Protos further noted the total amount of BTC on Lightning has been dwindling slowly, dipping below the 5,500 BTC level in December 2023 to about 4,750 BTC today. This might suggest that people are abandoning Lightning, though it’s worth noting the dollar value contributed to Lightning has doubled to about $320 million today versus $158 million this time last year.

Just looking at the data paints a confusing picture: the number of Lightning nodes is also dipping down from a peak in 2022 as are the number of connections between nodes, and yet the total transaction count has reportedly been trailing up.

Reading the subjective and anecdotal accounts collated by Sztorc, who has been advocating for an alternative way of scaling Bitcoin through “drivechains,” paints a more damning picture. All within the past year, highly respected Bitcoin Core developer BlueMatt called Lightning “a joke.” Lightning security researcher Antonie Riard left the project (publishing a highly critical blog). And FiatJaf, creator of the popular social network Nostr, spoke of his dwindling confidence.

CoinDesk doesn’t pretend to have the answers here, though it would appear that, at best, Lightning’s growth is a bit static. But to say public perception has changed on Lightning would likely be to overstate the case; people have been saying for years that Lightning is overhyped and that its fanatics were setting unrealistic expectations.

In fact, Lightning co-creators Joseph Poon and Tadge Dryja said from the beginning that it would not solve all of Bitcoin’s scalability needs.
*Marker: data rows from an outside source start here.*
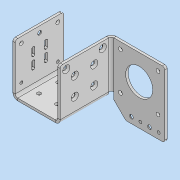
# Autodesk Inventor part: Gantry_Angle
Saved by Autodesk Inventor 2020 (Build 240168000, 168)
## iProperties
Created: 2021-05-02
Part Number: Gantry_Angle
Material: 一般
Document SubType Name: Sheet Metal
Designer: ken113
Density: 1 g/cm^3
Sheet Metal Rule: Default_mm
Appearance: 既定
Author: ken113
Autodesk Inventor part; units mm, degrees
ref_plane "YZ Plane" through (0, 0, 0) normal (1, 0, 0) x (0, 1, 0)
ref_plane "XZ Plane" through (0, 0, 0) normal (0, 1, 0) x (-1, 0, 0)
ref_plane "XY Plane" through (0, 0, 0) normal (0, 0, 1) x (1, 0, 0)
sketch "スケッチ1" plane through (0, 0, 0) normal (0, 1, 0) x (-1, 0, 0)
  line L0 (15, 20) -> (-20, 20)
  line L1 (-20, 20) -> (-20, -20)
  line L2 (-20, -20) -> (15, -20)
  line L3 (15, -20) -> (15, 20)
  point P0 (0, 0)
  dimension "d0" = 15
  dimension "d1" = 40
  dimension "d2" = 20
  dimension "d3" = 20
  measures "d0" distance from line of L3 point (0, 0)
  measures "d1" distance of L0.end L1.end
  measures "d2" distance from line of point (0, 0) L1
  measures "d3" distance from line of point (0, 0) L2
extrude "プレート1" add sketch "スケッチ1" along normal blind 2
sketch "スケッチ2" plane through (0, 2, 0) normal (0, 1, 0) x (1, 0, 0)
  line L0 (7.5, 8) -> (-7.5, 8)
  line L1 (-7.5, 8) -> (-7.5, -8)
  line L2 (-7.5, -8) -> (7.5, -8)
  line L3 (7.5, -8) -> (7.5, 8)
  line L4 (7.5, 8) -> (-7.5, -8) construction
  line L5 (-7.5, 8) -> (7.5, -8) construction
  point P0 (0, 0)
  dimension "d5" = 15
  dimension "d6" = 16
  constraints: 12 end point, 2 midpoint, 2 parallel, 1 horizontal, 1 perpendicular
  measures "d5" distance of L2.end L1.end
  measures "d6" distance of L1.end L0.end
hole "穴1" at (-7.5, 2, 8) at (7.5, 2, 8) at (7.5, 2, -8) at (-7.5, 2, -8) direction (0, -1, 0) diameter 3.2 depth 2 tip angle 118
sketch "スケッチ3" plane through (-15, 2, 20) normal (-1, 0, 0) x (0, -1, 0)
  line L0 (0, -40) -> (0, 0)
  line L1 (0, 0) -> (-40.5, 0)
  line L2 (-40.5, 0) -> (-40.5, -40)
  line L3 (-40.5, -40) -> (0, -40)
  constraints: 6 end point, 1 horizontal, 1 perpendicular, 1 vertical
edge flange "フランジ1" height 42.5 angle 90 thickness 2 bend radius 2 thickness toward (-1, 0, 0) relief straight relief width 2 relief depth 1 corner gap 2 corner form 0 edges at (-15, 2, 0) (20, 2, 0) wall of the first edge with corners at (-15, 2, -20) (-15, 2, 20) (-15, 42.5, 20) (-15, 42.5, -20)
bend "曲げ1"
corner "コーナー1"
sketch "スケッチ5" plane through (22, 42.5, 20) normal (1, 0, 0) x (0, 0, -1)
  line L0 (12, -28) -> (28, -28)
  line L1 (28, -28) -> (28, -13)
  line L2 (28, -13) -> (12, -13)
  line L3 (12, -13) -> (12, -28)
  line L4 (12, -28) -> (28, -13) construction
  line L5 (28, -28) -> (12, -13) construction
  line L6 (0, -38.5) -> (40, -38.5) projected
  point P0 (20, -42.5)
  point P1 (20, -20.5)
  point P2 (20, -20.5)
  dimension "d34" = 16
  dimension "d35" = 15
  dimension "d36" = 10.5
  constraints: 12 end point, 3 midpoint, 2 parallel, 1 horizontal, 1 perpendicular, 1 vertical alignment
  measures "d34" distance of L1.end L2.end
  measures "d35" distance of L0.end L1.end
  measures "d36" distance between parallel lines of L0 L6
hole "穴2" at (22, 29.5, 8) at (22, 29.5, -8) at (22, 14.5, -8) at (22, 14.5, 8) direction (-1, 0, 0) diameter 3.2 depth 2 tip angle 118 countersink diameter 6 countersink angle 90
sketch "スケッチ6" plane through (24, 42.5, -22) normal (0, 0, -1) x (-1, 0, 0)
  line L0 (0, -38.5) -> (0, 0)
  line L1 (0, 0) -> (-42, 0)
  line L2 (-42, 0) -> (-42, -38.5)
  line L3 (-42, -38.5) -> (0, -38.5)
  constraints: 6 end point, 1 horizontal, 1 perpendicular, 1 vertical
edge flange "フランジ3" height 46 angle 90 thickness 2 bend radius 2 thickness toward (0, 0, -1) relief straight relief width 2 relief depth 1 edges at (22, 23.25, -20) wall of the first edge with corners at (24, 4, -22) (24, 42.5, -22) (66, 42.5, -22) (66, 4, -22)
bend "曲げ3"
corner "コーナー3"
sketch "スケッチ7" plane through (66, 4, -24) normal (0, -1, 0) x (1, 0, 0)
  line L0 (-42, 2) -> (-42, 0) projected
  line L1 (-42, 0) -> (0, 0) projected
  line L2 (0, 2) -> (0, 0) projected
  line L3 (0, 2) -> (-42, 2) projected
  point P0 (-66, 24)
extrude "押し出し1" add sketch "スケッチ7" along normal blind 15.5
sketch "スケッチ8" plane through (66, 42.5, -24) normal (0, 0, -1) x (-1, 0, 0)
  circle A0 centre (21, -21) radius 11.15
  line L0 (42, -38.5) -> (42, 0) projected
  line L1 (5.5, -36.5) -> (36.5, -36.5)
  line L2 (36.5, -36.5) -> (36.5, -5.5)
  line L3 (36.5, -5.5) -> (5.5, -5.5)
  line L4 (5.5, -5.5) -> (5.5, -36.5)
  line L5 (5.5, -36.5) -> (36.5, -5.5) construction
  line L6 (36.5, -36.5) -> (5.5, -5.5) construction
  circle A1 centre (5.5, -5.5) radius 1.6
  circle A2 centre (36.5, -5.5) radius 1.6
  circle A3 centre (36.5, -36.5) radius 1.6
  circle A4 centre (5.5, -36.5) radius 1.6
  line L7 (0, 0) -> (42, 0) projected
  point P0 (66, -42.5)
  dimension "d56" = 22.3
  dimension "d57" = 21
  dimension "d58" = 31
  dimension "d59" = 31
  dimension "d60" = 3.2
  dimension "d61" = 3.2
  dimension "d62" = 3.2
  dimension "d63" = 3.2
  dimension "d66" = 21
  constraints: 12 end point, 5 centre point, 4 coincident, 2 midpoint, 2 parallel, 1 horizontal, 1 perpendicular
  measures "d56" diameter of A0
  measures "d57" distance from line of A0.centre L0
  measures "d58" distance of L3.end L2.end
  measures "d59" distance of L2.end L1.end
  measures "d60" diameter of A1
  measures "d61" diameter of A2
  measures "d62" diameter of A3
  measures "d63" diameter of A4
  measures "d66" distance from line of L7 A0.centre
extrude "押し出し2" cut sketch "スケッチ8" against normal blind 25.5 contours A0 | L4 A4 L1 | L1 A4 L4 | A3 L2 L1 | L1 L2 A3 | A1 L3 L4 | L4 L3 A1 | A2 L3 L2 | L2 L3 A2
sketch "スケッチ9" plane through (66, 42.5, -24) normal (0, 0, -1) x (-1, 0, 0)
  circle A0 centre (5.5, -36.5) radius 1.6 projected
  circle A1 centre (36.5, -36.5) radius 1.6 projected
  circle A2 centre (5.5, -5.5) radius 1.6 projected
  circle A3 centre (36.5, -5.5) radius 1.6 projected
  circle A4 centre (21, -21) radius 11.15 projected
  line L0 (42, -38.5) -> (42, 0) projected
  line L1 (0, 0) -> (42, 0) projected
  line L2 (0, 0) -> (0, -54) projected
  line L3 (42, -54) -> (0, -54) projected
  line L4 (42, -38.5) -> (42, -54) projected
  point P0 (66, -42.5)
  point P1 (5, -49)
  point P2 (20, -49)
  dimension "d67" = 5
  dimension "d69" = 5
  dimension "d77" = 15
  constraints: 1 horizontal alignment
  measures "d67" distance from line of point (20, -49) L3
  measures "d69" distance from line of point (5, -49) L2
  measures "d77" distance of point (20, -49) point (5, -49)
hole "穴3" at (61, -6.5, -24) at (46, -6.5, -24) direction (0, 0, 1) diameter 2.459 end through all thread size "M3x0.5" class "6H" standard "ISO Metric profile"
chamfer "面取り1" distance 10 angle 45 1 edges at (24, -11.5, -23)
sketch "スケッチ10" plane through (22, 4, 20) normal (1, 0, 0) x (0, 0, -1)
  circle A0 centre (28, 10.5) radius 3 projected
  circle A1 centre (12, 25.5) radius 3 projected
  circle A2 centre (28, 25.5) radius 3 projected
  circle A3 centre (12, 10.5) radius 3 projected
  line L0 (0, 0) -> (40, 0) projected
  line L1 (40, 38.5) -> (40, 0) projected
  line L2 (0, 38.5) -> (40, 38.5) projected
  line L3 (0, 0) -> (0, 38.5) projected
  point P0 (20, -4)
  point P1 (5, 33.5)
  point P2 (35, 33.5)
  dimension "d81" = 5
  dimension "d82" = 30
  dimension "d83" = 5
  constraints: 1 horizontal alignment
  measures "d81" distance from line of L2 point (5, 33.5)
  measures "d82" distance of point (35, 33.5) point (5, 33.5)
  measures "d83" distance from line of point (5, 33.5) L3
hole "穴4" at (22, 37.5, 15) at (22, 37.5, -15) direction (-1, 0, 0) diameter 3.2 end through all countersink diameter 6 countersink angle 90
fillet "フィレット1" radius 2 7 edges at (-16, 42.5, -20) (-16, 42.5, 20) (21, 42.5, 20) (66, 42.5, -23) (66, -11.5, -23) (34, -11.5, -23) (24, -1.5, -23)
sketch "スケッチ13" plane through (-17, 4, -20) normal (-1, 0, 0) x (0, 0, 1)
  line L0 (13.5, 26) -> (16, 26)
  line L1 (16, 26) -> (16, 19.5)
  line L2 (16, 19.5) -> (13.5, 19.5)
  line L3 (13.5, 19.5) -> (13.5, 26)
  line L4 (13.5, 16.5) -> (16, 16.5)
  line L5 (16, 16.5) -> (16, 10)
  line L6 (16, 10) -> (13.5, 10)
  line L7 (13.5, 10) -> (13.5, 16.5)
  line L8 (24, 19.5) -> (26.5, 19.5)
  line L9 (26.5, 19.5) -> (26.5, 26)
  line L10 (26.5, 26) -> (24, 26)
  line L11 (24, 26) -> (24, 19.5)
  line L12 (24, 16.5) -> (26.5, 16.5)
  line L13 (26.5, 16.5) -> (26.5, 10)
  line L14 (26.5, 10) -> (24, 10)
  line L15 (24, 10) -> (24, 16.5)
  line L16 (40, -4) -> (0, -4) projected
  line L17 (2, 38.5) -> (38, 38.5) projected
  line L18 (13.5, 26) -> (26.5, 26)
  line L19 (26.5, 26) -> (26.5, 26.25)
  line L20 (26.5, 26.25) -> (13.5, 26.25)
  line L21 (13.5, 26.25) -> (13.5, 26)
  line L22 (13.5, 16.5) -> (26.5, 16.5)
  line L23 (26.5, 16.5) -> (26.5, 16.75)
  line L24 (26.5, 16.75) -> (13.5, 16.75)
  line L25 (13.5, 16.75) -> (13.5, 16.5)
  line L26 (13.5, 19.5) -> (26.5, 19.5)
  line L27 (26.5, 19.5) -> (26.5, 19.25)
  line L28 (26.5, 19.25) -> (13.5, 19.25)
  line L29 (13.5, 19.25) -> (13.5, 19.5)
  line L30 (13.5, 10) -> (26.5, 10)
  line L31 (26.5, 10) -> (26.5, 9.75)
  line L32 (26.5, 9.75) -> (13.5, 9.75)
  line L33 (13.5, 9.75) -> (13.5, 10)
  line L34 (16, 26.25) -> (24, 26.25)
  line L35 (24, 26.25) -> (24, 9.75)
  line L36 (24, 9.75) -> (16, 9.75)
  line L37 (16, 9.75) -> (16, 26.25)
  point P0 (20, -4)
  point P1 (26.5, 26.125)
  point P2 (24, 16.75)
  point P3 (24, 19.25)
  point P4 (16, 19.25)
  point P5 (16, 9.75)
  point P6 (16, 10)
  point P7 (16, 16.5)
  point P8 (16, 16.75)
  dimension "d110" = 6.5
  dimension "d111" = 6.5
  dimension "d112" = 2.5
  dimension "d113" = 2.5
  dimension "d114" = 14
  dimension "d115" = 12.5
  dimension "d116" = 8
  dimension "d117" = 4
  dimension "d118" = 7
  dimension "d119" = 0.25
  dimension "d120" = 7
  dimension "d121" = 0.25
  constraints: 72 end point, 18 parallel, 9 horizontal, 9 perpendicular, 9 vertical alignment, 7 point on line, 4 horizontal alignment, 1 coincident, 1 midpoint
  measures "d110" distance of L8.end L9.end
  measures "d111" distance of L12.end L13.end
  measures "d112" distance of L5.end L6.end
  measures "d113" distance of L13.end L14.end
  measures "d114" distance between parallel lines of L6 L16
  measures "d115" distance between parallel lines of L0 L17
  measures "d116" distance between parallel lines of L15 L5
  measures "d117" distance from line of point (20, -4) L5
  measures "d118" distance between parallel lines of L28 L20
  measures "d119" distance between parallel lines of L26 L28
  measures "d120" distance between parallel lines of L24 L32
  measures "d121" distance between parallel lines of L30 L32
extrude "押し出し3" cut sketch "スケッチ13" against normal blind 10 contours L21 L20 L37 L0 | L0 L1 L2 L3 | L2 L37 L28 L29 | L35 L20 L19 L10 | L10 L9 L8 L11 | L8 L27 L28 L35 | L37 L4 L25 L24 | L24 L23 L12 L35 | L5 L6 L7 L4 | L12 L13 L14 L15 | L37 L32 L33 L6 | L14 L31 L32 L35
fillet "フィレット2" radius 1 16 edges at (-16, 23.25, -6.5) (-16, 30.25, -6.5) (-16, 30.25, 4) (-16, 30.25, 6.5) (-16, 23.25, 6.5) (-16, 23.25, 4) (-16, 20.75, 4) (-16, 20.75, 6.5) (-16, 13.75, 6.5) (-16, 13.75, 4) (-16, 13.75, -6.5) (-16, 20.75, -6.5) (-16, 13.75, -4) (-16, 20.75, -4) (-16, 23.25, -4) (-16, 30.25, -4)
sketch "スケッチ14" plane through (-17, 4, -20) normal (-1, 0, 0) x (0, 0, 1)
  line L0 (25, 26.25) -> (25.5, 26.25) projected
  arc A0 (26.5, 25.25) -> (25.5, 26.25) centre (25.5, 25.25) ccw projected
  line L1 (26.5, 25.25) -> (26.5, 20.25) projected
  arc A1 (25.5, 19.25) -> (26.5, 20.25) centre (25.5, 20.25) ccw projected
  line L2 (25.5, 19.25) -> (25, 19.25) projected
  arc A2 (24, 20.25) -> (25, 19.25) centre (25, 20.25) ccw projected
  line L3 (24, 20.25) -> (24, 25.25) projected
  arc A3 (25, 26.25) -> (24, 25.25) centre (25, 25.25) ccw projected
  line L4 (14.5, 26.25) -> (15, 26.25) projected
  arc A4 (16, 25.25) -> (15, 26.25) centre (15, 25.25) ccw projected
  line L5 (16, 25.25) -> (16, 20.25) projected
  arc A5 (15, 19.25) -> (16, 20.25) centre (15, 20.25) ccw projected
  line L6 (15, 19.25) -> (14.5, 19.25) projected
  arc A6 (13.5, 20.25) -> (14.5, 19.25) centre (14.5, 20.25) ccw projected
  line L7 (13.5, 20.25) -> (13.5, 25.25) projected
  arc A7 (14.5, 26.25) -> (13.5, 25.25) centre (14.5, 25.25) ccw projected
  line L8 (25, 16.75) -> (25.5, 16.75) projected
  arc A8 (26.5, 15.75) -> (25.5, 16.75) centre (25.5, 15.75) ccw projected
  line L9 (26.5, 15.75) -> (26.5, 10.75) projected
  arc A9 (25.5, 9.75) -> (26.5, 10.75) centre (25.5, 10.75) ccw projected
  line L10 (25.5, 9.75) -> (25, 9.75) projected
  arc A10 (24, 10.75) -> (25, 9.75) centre (25, 10.75) ccw projected
  line L11 (24, 10.75) -> (24, 15.75) projected
  arc A11 (25, 16.75) -> (24, 15.75) centre (25, 15.75) ccw projected
  line L12 (15, 9.75) -> (14.5, 9.75) projected
  arc A12 (13.5, 10.75) -> (14.5, 9.75) centre (14.5, 10.75) ccw projected
  line L13 (13.5, 10.75) -> (13.5, 15.75) projected
  arc A13 (14.5, 16.75) -> (13.5, 15.75) centre (14.5, 15.75) ccw projected
  line L14 (14.5, 16.75) -> (15, 16.75) projected
  arc A14 (16, 15.75) -> (15, 16.75) centre (15, 15.75) ccw projected
  line L15 (16, 15.75) -> (16, 10.75) projected
  arc A15 (15, 9.75) -> (16, 10.75) centre (15, 10.75) ccw projected
  arc A16 (40, 36.5) -> (38, 38.5) centre (38, 36.5) ccw projected
  line L16 (2, 38.5) -> (38, 38.5) projected
  arc A17 (2, 38.5) -> (0, 36.5) centre (2, 36.5) ccw projected
  line L17 (0, 0) -> (0, 36.5) projected
  line L18 (0, 0) -> (40, 0) projected
  line L19 (40, 36.5) -> (40, 0) projected
  line L20 (5, 5.5) -> (35, 5.5)
  line L21 (35, 5.5) -> (35, 33.5)
  line L22 (35, 33.5) -> (5, 33.5)
  line L23 (5, 33.5) -> (5, 5.5)
  line L24 (5, 5.5) -> (35, 33.5) construction
  line L25 (35, 5.5) -> (5, 33.5) construction
  point P0 (20, -4)
  point P1 (20, 19.5)
  point P2 (20, 19.5)
  point P3 (20, 33.5)
  dimension "d125" = 28
  constraints: 12 end point, 4 midpoint, 2 coincident, 2 parallel, 1 horizontal, 1 perpendicular, 1 vertical alignment
  measures "d125" distance of L20.end L21.end
hole "穴7" at (-17, 37.5, 0) at (-17, 9.5, -15) at (-17, 9.5, 15) direction (1, 0, 0) diameter 2.459 depth 8.8 tip angle 118 thread size "M3x0.5" class "6H" standard "ISO Metric profile"
sketch "スケッチ15" plane through (-17, 4, -20) normal (-1, 0, 0) x (0, 0, 1)
  circle A0 centre (20, 33.5) radius 1.2295 projected
  point P0 (20, -4)
hole "穴8" at (-17, 37.5, 0) direction (1, 0, 0) diameter 3.2 depth 2 tip angle 118 countersink diameter 6 countersink angle 90
sketch "スケッチ16" plane through (24, 4, -24) normal (0, 0, -1) x (-1, 0, 0)
  arc A0 (-0.5858, -6.0858) -> (0, -4.6716) centre (-2, -4.6716) ccw projected
  line L0 (0, 0) -> (0, -4.6716) projected
  line L1 (0, 0) -> (0, 38.5) projected
  line L2 (-40, 38.5) -> (0, 38.5) projected
  arc A1 (-40, 38.5) -> (-42, 36.5) centre (-40, 36.5) ccw projected
  line L3 (-42, 36.5) -> (-42, -13.5) projected
  arc A2 (-42, -13.5) -> (-40, -15.5) centre (-40, -13.5) ccw projected
  line L4 (-10.8284, -15.5) -> (-40, -15.5) projected
  arc A3 (-10.8284, -15.5) -> (-9.4142, -14.9142) centre (-10.8284, -13.5) ccw projected
  line L5 (-0.5858, -6.0858) -> (-9.4142, -14.9142) projected
  circle A4 centre (-37, -10.5) radius 1.2295 projected
  circle A5 centre (-22, -10.5) radius 1.2295 projected
  circle A6 centre (-36.5, 2) radius 1.6 projected
  circle A7 centre (-5.5, 2) radius 1.6 projected
  circle A8 centre (-36.5, 33) radius 1.6 projected
  circle A9 centre (-5.5, 33) radius 1.6 projected
  circle A10 centre (-21, 17.5) radius 11.15 projected
  point P0 (24, -4)
  point P1 (-29.5, -10.5)
  point P2 (-14.5, -10.5)
  dimension "d140" = 7.5
  dimension "d141" = 15
  constraints: 2 horizontal alignment
  measures "d140" distance of A5.centre point (-29.5, -10.5)
  measures "d141" distance of point (-14.5, -10.5) point (-29.5, -10.5)
hole "穴9" at (53.5, -6.5, -24) at (38.5, -6.5, -24) direction (0, 0, 1) diameter 3.2 depth 2 tip angle 118 countersink diameter 6 countersink angle 90
equation "\"d12\" = Thickness"
equation "\"d42\" = Thickness"
equation "\"d117\" = 0.5 * d116"
equation "\"d138\" = Thickness"
equation "\"d147\" = Thickness"
equation "\"d4\" = Thickness"
equation "\"d14\" = BendReliefWidth"
equation "\"d15\" = BendReliefDepth"
equation "\"d16\" = MinimumRemnant"
equation "\"d17\" = TransitionRadius"
equation "\"d20\" = BendRadius"
equation "\"d21\" = CornerReliefSize"
equation "\"d22\" = GapSize"
equation "\"d23\" = JacobiRadiusSize"
equation "\"d44\" = BendReliefWidth"
equation "\"d45\" = BendReliefDepth"
equation "\"d46\" = MinimumRemnant"
equation "\"d47\" = TransitionRadius"
equation "\"d50\" = BendRadius"
equation "\"d51\" = CornerReliefSize"
equation "\"d52\" = GapSize"
equation "\"d53\" = JacobiRadiusSize"
equation "\"d3\" = 0.5 * d1"
equation "\"BendRadius\" = Thickness"
equation "\"BendReliefWidth\" = Thickness"
equation "\"BendReliefDepth\" = 0.5 * Thickness"
equation "\"CornerReliefSize\" = 4 * Thickness"
equation "\"MinimumRemnant\" = 2 * Thickness"
equation "\"TransitionRadius\" = BendRadius"
equation "\"JacobiRadiusSize\" = BendRadius"
equation "\"GapSize\" = Thickness"
equation "\"Thickness\" = 2"

There’s a reason why the meme around Lightning is that it’s always “18 months away.”

While it’s hard to argue with critics that too much was promised for Lightning too fast (especially during the hype of the last bull market), it’s important to put the conversations in context. When the network officially launched in 2019, after years of testing, bitcoiners often warned that it was an “experimental” solution.

Around the time of the first large scale test of the Lightning network — (the “Lightning torch” passed around the world to raise funds after Craig “Faketoshi” Wright sued the random bitcoin supporter Hodlonaut) — there was a trending hashtag warning users that it was #reckless to use Lightning, and to send only an amount you were willing to lose.

There were and still are legitimate complaints about the Lightning network, which should be aired if anything will be improved. It is difficult and expensive to open and close channels. There are numerous security and scalability issues. The custodial solutions that often make Lightning usable for everyday use reintroduce the problems of third parties Bitcoin was invented to solve.

If there is any saving grace, it is this: When it comes to Bitcoin, often its biggest supporters are its best critics.